I originally had the wood torque arm rub directly on the collar and this worked reasonably well but set up an annoying squeak at low RPM. I’ve since inserted felt which avoids the squeak but requires more squeeze force to get the same friction.

The bolts used to apply clamping force to the torque arm are just threaded rod with nuts and washers sandwiching the lower part of the torque arm. I use barrel nuts on the top for easy finger adjustment. On one side I fix the clamping bolt for an even gap in the torque arm and then make all the torque adjustments on the other side by compressing the spring with the clamping bolt to build force gradually for fine adjustment.

The vertical column used to transmit the force on the torque arm to the scale was made from two pieces of U-channel connected by a threaded rod. The rod is cut to length to make the torque arm horizontal.

Torque and Power Measurement Results

The following two plots show the results of some torque and power measurements on my engine. The data isn’t dead smooth and this could be from several causes. Changing power levels on the engine cause some drift. It’s difficult to keep the temperatures constant on this engine while changing the load. The torque measurements seem reasonably stable except at very low RPM. The RPM measurement gets more difficult at low RPM because it varies throughout a cycle and I have to try to average several RPM readings. One difficulty I’ve experienced is a zero drift on the digital scale. It’s usually quite stable but will sometimes drift a few grams. It’s best to check the zero reading before and after a measurement.  

Higher torque and power measurements

The power levels for my measurements have been less than one watt (8.85 in-lbs/sec = 1 watt) so I don’t have a big power dissipation problem. There is no reason you can’t scale up the design I have used here to measure higher torque and power levels (at higher RPMs too) as long as you pay attention to the power dissipation.
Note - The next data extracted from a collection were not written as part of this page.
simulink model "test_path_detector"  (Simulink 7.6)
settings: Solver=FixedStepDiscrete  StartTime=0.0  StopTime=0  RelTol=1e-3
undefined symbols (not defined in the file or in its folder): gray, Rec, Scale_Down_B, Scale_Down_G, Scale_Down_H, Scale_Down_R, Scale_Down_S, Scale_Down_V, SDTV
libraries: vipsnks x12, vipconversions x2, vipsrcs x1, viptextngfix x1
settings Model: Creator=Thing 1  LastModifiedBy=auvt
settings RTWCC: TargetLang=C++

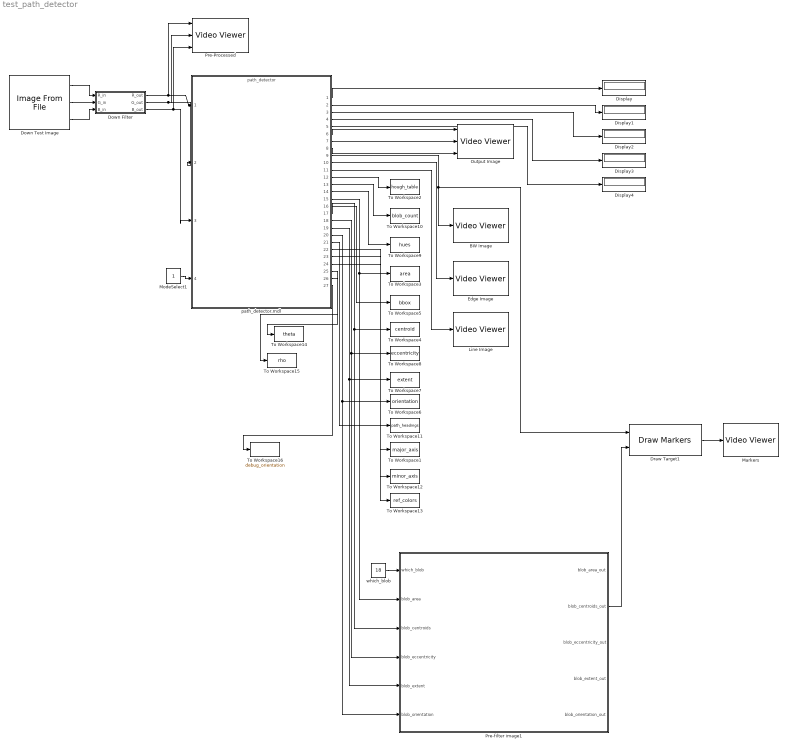
== system test_path_detector ==
  BW Image : vipsnks/Video Viewer  DialogControllerArgs=DataTag1  inputType=Obsolete7b  imagePorts=One multidimensional signal  useColorMap=off  colormapValue=gray(256)  specRange=off  minInputVal=0  maxInputVal=255  FigPos=[636 642 290 272]  AxisZoom=on  trueSizedOnce=off  OpenAtMdlStart=on
  Display{,1..4} (5 alike) : Display
  Down Filter : Subsystem
  Down Test Image : vipsrcs/Image From File  Tag=vipblks_nd  DialogController=vipDDGCreate  DialogControllerArgs=DataTag14  SystemSampleTime=-1  FileName=/home/auvt/auvc/src/vision/Test_Images/path4.PNG  imagePorts=Separate color signals  Ts=-1  ImageDataType=double  Signed=on  WordLength=16  sdImageDataType=uint(8)  FractionLengthMode=User-defined  FractionLength=15  OutPortLabels=R|G|B
  Draw Target1 : viptextngfix/Draw Markers  DialogController=vipDDGCreate  DialogControllerArgs=DataTag15  shape=X-mark  size=7  fill=off  fillClrSource=Specify via dialog  display=Black  intensity=200  color=[0 0 0]  opacity=0.6  viewport=Entire image  antialiasing=off  inType=Obsolete  imagePorts=One multidimensional signal  prodOutputMode=Binary point scaling  prodOutputWordLength=32  prodOutputFracLength=14  memoryMode=Specify word length  memoryWordLength=16  memoryFracLength=15  roundingMode=Floor  overflowMode=off
  Edge Image : vipsnks/Video Viewer  DialogControllerArgs=DataTag17  inputType=Obsolete7b  imagePorts=One multidimensional signal  useColorMap=off  colormapValue=gray(256)  specRange=off  minInputVal=0  maxInputVal=255  FigPos=[581 861 263 238]  AxisZoom=on  trueSizedOnce=off  OpenAtMdlStart=on
  Line Image : vipsnks/Video Viewer  DialogControllerArgs=DataTag19  inputType=Obsolete7b  imagePorts=One multidimensional signal  useColorMap=off  colormapValue=gray(256)  specRange=off  minInputVal=0  maxInputVal=255  FigPos=[808 631 418 354]  AxisZoom=on  trueSizedOnce=off  OpenAtMdlStart=on
  Markers : vipsnks/Video Viewer  DialogControllerArgs=DataTag21  inputType=Obsolete7b  imagePorts=One multidimensional signal  useColorMap=off  colormapValue=gray(256)  specRange=off  minInputVal=0  maxInputVal=255  FigPos=[1048 845 363 299]  AxisZoom=on  trueSizedOnce=off  OpenAtMdlStart=on
  ModeSelect1 : Constant  SampleTime=-1
  Output Image : vipsnks/Video Viewer  DialogControllerArgs=DataTag23  inputType=Obsolete7b  imagePorts=Separate color signals  useColorMap=off  colormapValue=gray(256)  specRange=off  minInputVal=0  maxInputVal=255  FigPos=[1556 512 522 277]  AxisZoom=on  trueSizedOnce=off  OpenAtMdlStart=on
  Pre-Processed : vipsnks/Video Viewer  DialogControllerArgs=DataTag25  inputType=Obsolete7b  imagePorts=Separate color signals  useColorMap=off  colormapValue=gray(256)  specRange=off  minInputVal=0  maxInputVal=255  FigPos=[2109 410 306 217]  AxisZoom=on  trueSizedOnce=off  OpenAtMdlStart=on
  Pre-filter image1 : Stateflow chart  TreatAsAtomicUnit=on
  To Workspace1 : ToWorkspace  VariableName=major_axis  SampleTime=-1  SaveFormat=Array
  To Workspace10 : ToWorkspace  VariableName=blob_count  SampleTime=-1  SaveFormat=Array
  To Workspace11 : ToWorkspace  VariableName=path_headings  SampleTime=-1  SaveFormat=Array
  To Workspace12 : ToWorkspace  VariableName=minor_axis  SampleTime=-1  SaveFormat=Array
  To Workspace13 : ToWorkspace  VariableName=ref_colors  SampleTime=-1  SaveFormat=Array
  To Workspace14 : ToWorkspace  VariableName=theta  SampleTime=-1  SaveFormat=Array
  To Workspace15 : ToWorkspace  VariableName=rho  SampleTime=-1  SaveFormat=Array
  To Workspace16 : ToWorkspace  VariableName=debug_orientation  SampleTime=-1  SaveFormat=Array
  To Workspace2 : ToWorkspace  VariableName=hough_table  SampleTime=-1  SaveFormat=Array
  To Workspace3 : ToWorkspace  VariableName=area  SampleTime=-1  SaveFormat=Array
  To Workspace4 : ToWorkspace  VariableName=centroid  SampleTime=-1  SaveFormat=Array
  To Workspace5 : ToWorkspace  VariableName=bbox  SampleTime=-1  SaveFormat=Array
  To Workspace6 : ToWorkspace  VariableName=orientation  SampleTime=-1  SaveFormat=Array
  To Workspace7 : ToWorkspace  VariableName=extent  SampleTime=-1  SaveFormat=Array
  To Workspace8 : ToWorkspace  VariableName=eccentricity  SampleTime=-1  SaveFormat=Array
  To Workspace9 : ToWorkspace  VariableName=hues  SampleTime=-1  SaveFormat=Array
  path_detector.mdl : ModelReference  ModelNameDialog=path_detector  SimulationMode=Accelerator  ModelReferenceVersion=1.185  CopyOfModelName=path_detector
  which_blob : Constant  Value=18  SampleTime=-1
  wires:
  Down Filter/1(R_out) -> path_detector.mdl/1, Pre-Processed/1
  Down Filter/2(G_out) -> path_detector.mdl/2, Pre-Processed/2
  Down Filter/3(B_out) -> path_detector.mdl/3, Pre-Processed/3
  path_detector.mdl/1 -> Display/1
  path_detector.mdl/2 -> Display1/1
  path_detector.mdl/3 -> Display2/1
  path_detector.mdl/4 -> Display3/1
  ModeSelect1/1 -> path_detector.mdl/4
  path_detector.mdl/6 -> Output Image/1
  path_detector.mdl/7 -> Output Image/2
  path_detector.mdl/8 -> Output Image/3
  path_detector.mdl/9 -> BW Image/1, Draw Target1/1
  path_detector.mdl/10 -> Edge Image/1
  path_detector.mdl/11 -> Line Image/1
  path_detector.mdl/5 -> Display4/1
  path_detector.mdl/12 -> To Workspace2/1
  path_detector.mdl/20 -> To Workspace6/1, Pre-filter image1/6(blob_orientation)
  path_detector.mdl/19 -> To Workspace7/1, Pre-filter image1/5(blob_extent)
  path_detector.mdl/18 -> To Workspace8/1, Pre-filter image1/4(blob_eccentricity)
  path_detector.mdl/17 -> To Workspace4/1, Pre-filter image1/3(blob_centroids)
  path_detector.mdl/16 -> To Workspace5/1
  path_detector.mdl/15 -> To Workspace3/1, Pre-filter image1/2(blob_area)
  path_detector.mdl/13 -> To Workspace10/1
  path_detector.mdl/14 -> To Workspace9/1
  path_detector.mdl/21 -> To Workspace11/1
  Draw Target1/1 -> Markers/1
  which_blob/1 -> Pre-filter image1/1(which_blob)
  Pre-filter image1/2(blob_centroids_out) -> Draw Target1/2
  path_detector.mdl/22 -> To Workspace1/1
  path_detector.mdl/23 -> To Workspace12/1
  path_detector.mdl/24 -> To Workspace13/1
  Down Test Image/2 -> Down Filter/2(G_in)
  Down Test Image/1 -> Down Filter/1(R_in)
  Down Test Image/3 -> Down Filter/3(B_in)
  path_detector.mdl/25 -> To Workspace14/1
  path_detector.mdl/26 -> To Workspace15/1
  path_detector.mdl/27 -> To Workspace16/1

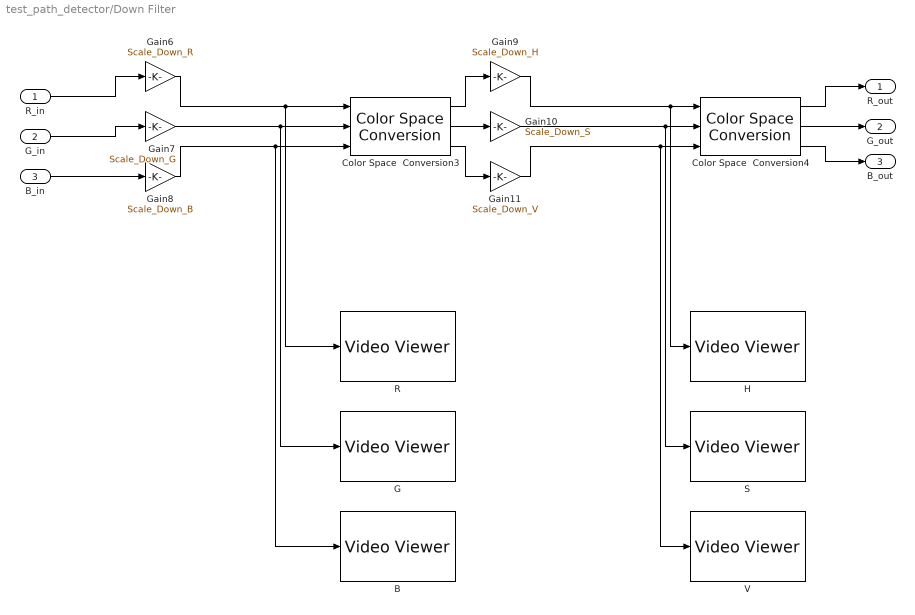
== system test_path_detector/Down Filter ==
  R_in : Inport  PortDimensions=Down_Camera_Dimensions
  G_in : Inport  Port=2  PortDimensions=Down_Camera_Dimensions
  B_in : Inport  Port=3  PortDimensions=Down_Camera_Dimensions
  B : vipsnks/Video Viewer  DialogControllerArgs=DataTag3  inputType=Obsolete7b  imagePorts=One multidimensional signal  useColorMap=off  colormapValue=gray(256)  specRange=off  minInputVal=0  maxInputVal=255  FigPos=[-198 832 410 300]  AxisZoom=on  trueSizedOnce=off  OpenAtMdlStart=on
  Color Space  Conversion3 : vipconversions/Color Space  Conversion  conversion=Obsolete  conversionActive=R'G'B' to HSV  wp_str=D50  rec=Rec. 601 (SDTV)  sys=1125/60/2:1  imagePorts=Separate color signals
  Color Space  Conversion4 : vipconversions/Color Space  Conversion  conversion=Obsolete  conversionActive=HSV to R'G'B'  wp_str=D50  rec=Rec. 601 (SDTV)  sys=1125/60/2:1  imagePorts=Separate color signals
  G : vipsnks/Video Viewer  DialogControllerArgs=DataTag5  inputType=Obsolete7b  imagePorts=One multidimensional signal  useColorMap=off  colormapValue=gray(256)  specRange=off  minInputVal=0  maxInputVal=255  FigPos=[-48 562 410 300]  AxisZoom=on  trueSizedOnce=off  OpenAtMdlStart=on
  Gain10 : Gain  Gain=Scale_Down_S
  Gain11 : Gain  Gain=Scale_Down_V
  Gain6 : Gain  Gain=Scale_Down_R
  Gain7 : Gain  Gain=Scale_Down_G
  Gain8 : Gain  Gain=Scale_Down_B
  Gain9 : Gain  Gain=Scale_Down_H
  H : vipsnks/Video Viewer  DialogControllerArgs=DataTag7  inputType=Obsolete7b  imagePorts=One multidimensional signal  useColorMap=off  colormapValue=gray(256)  specRange=off  minInputVal=0  maxInputVal=255  FigPos=[218 436 410 300]  AxisZoom=on  trueSizedOnce=off  OpenAtMdlStart=on
  R : vipsnks/Video Viewer  DialogControllerArgs=DataTag9  inputType=Obsolete7b  imagePorts=One multidimensional signal  useColorMap=off  colormapValue=gray(256)  specRange=off  minInputVal=0  maxInputVal=255  FigPos=[-120 436 410 300]  AxisZoom=on  trueSizedOnce=off  OpenAtMdlStart=on
  S : vipsnks/Video Viewer  DialogControllerArgs=DataTag11  inputType=Obsolete7b  imagePorts=One multidimensional signal  useColorMap=off  colormapValue=gray(256)  specRange=off  minInputVal=0  maxInputVal=255  FigPos=[172 632 410 300]  AxisZoom=on  trueSizedOnce=off  OpenAtMdlStart=on
  V : vipsnks/Video Viewer  DialogControllerArgs=DataTag13  inputType=Obsolete7b  imagePorts=One multidimensional signal  useColorMap=off  colormapValue=gray(256)  specRange=off  minInputVal=0  maxInputVal=255  FigPos=[196 861 410 300]  AxisZoom=on  trueSizedOnce=off  OpenAtMdlStart=on
  R_out : Outport  OutDataTypeStr=double
  G_out : Outport  Port=2  OutDataTypeStr=double
  B_out : Outport  Port=3  OutDataTypeStr=double
  wires:
  Gain6/1 -> Color Space  Conversion3/1, R/1
  Gain7/1 -> Color Space  Conversion3/2, G/1
  Gain8/1 -> Color Space  Conversion3/3, B/1
  Color Space  Conversion3/1 -> Gain9/1
  Color Space  Conversion3/2 -> Gain10/1
  Color Space  Conversion3/3 -> Gain11/1
  Gain9/1 -> Color Space  Conversion4/1, H/1
  Gain10/1 -> Color Space  Conversion4/2, S/1
  Gain11/1 -> Color Space  Conversion4/3, V/1
  R_in/1 -> Gain6/1
  G_in/1 -> Gain7/1
  B_in/1 -> Gain8/1
  Color Space  Conversion4/1 -> R_out/1
  Color Space  Conversion4/2 -> G_out/1
  Color Space  Conversion4/3 -> B_out/1

== matlab function Pre-filter image1 ==
  data: which_blob input double; blob_area input double; blob_centroids input double; blob_eccentricity input double; blob_extent input double; blob_orientation input double; blob_area_out output double; blob_centroids_out output double; blob_eccentricity_out output double; blob_extent_out output double; blob_orientation_out output double
function [blob_area_out, blob_centroids_out, blob_eccentricity_out, blob_extent_out, blob_orientation_out] = chooseBlob(which_blob, blob_area, blob_centroids, blob_eccentricity, blob_extent, blob_orientation)
%#eml

blob_area_out = blob_area(which_blob);
blob_centroids_out = blob_centroids(:,which_blob);
blob_eccentricity_out = blob_eccentricity(which_blob);
blob_extent_out = blob_extent(which_blob);
blob_orientation_out = blob_orientation(which_blob);




return

I have used an aluminum sleeve for easy machining and good heat conductivity. Although I haven’t tested it, I expect this design should be able to handle at least 2 watts at 100 RPM or higher. Scaling up the design for more contact area between the wood and the sleeve and more exposed surface area on the sleeve to get the heat into the air would be desirable for higher powers. The wood will not conduct heat away very efficiently and will be the weak link. You should be able to smell trouble if you get it too hot. Too much power coming out of my engine for the torque system to handle is a problem I’d love to have. When it happens I’ll let you know how I solve it.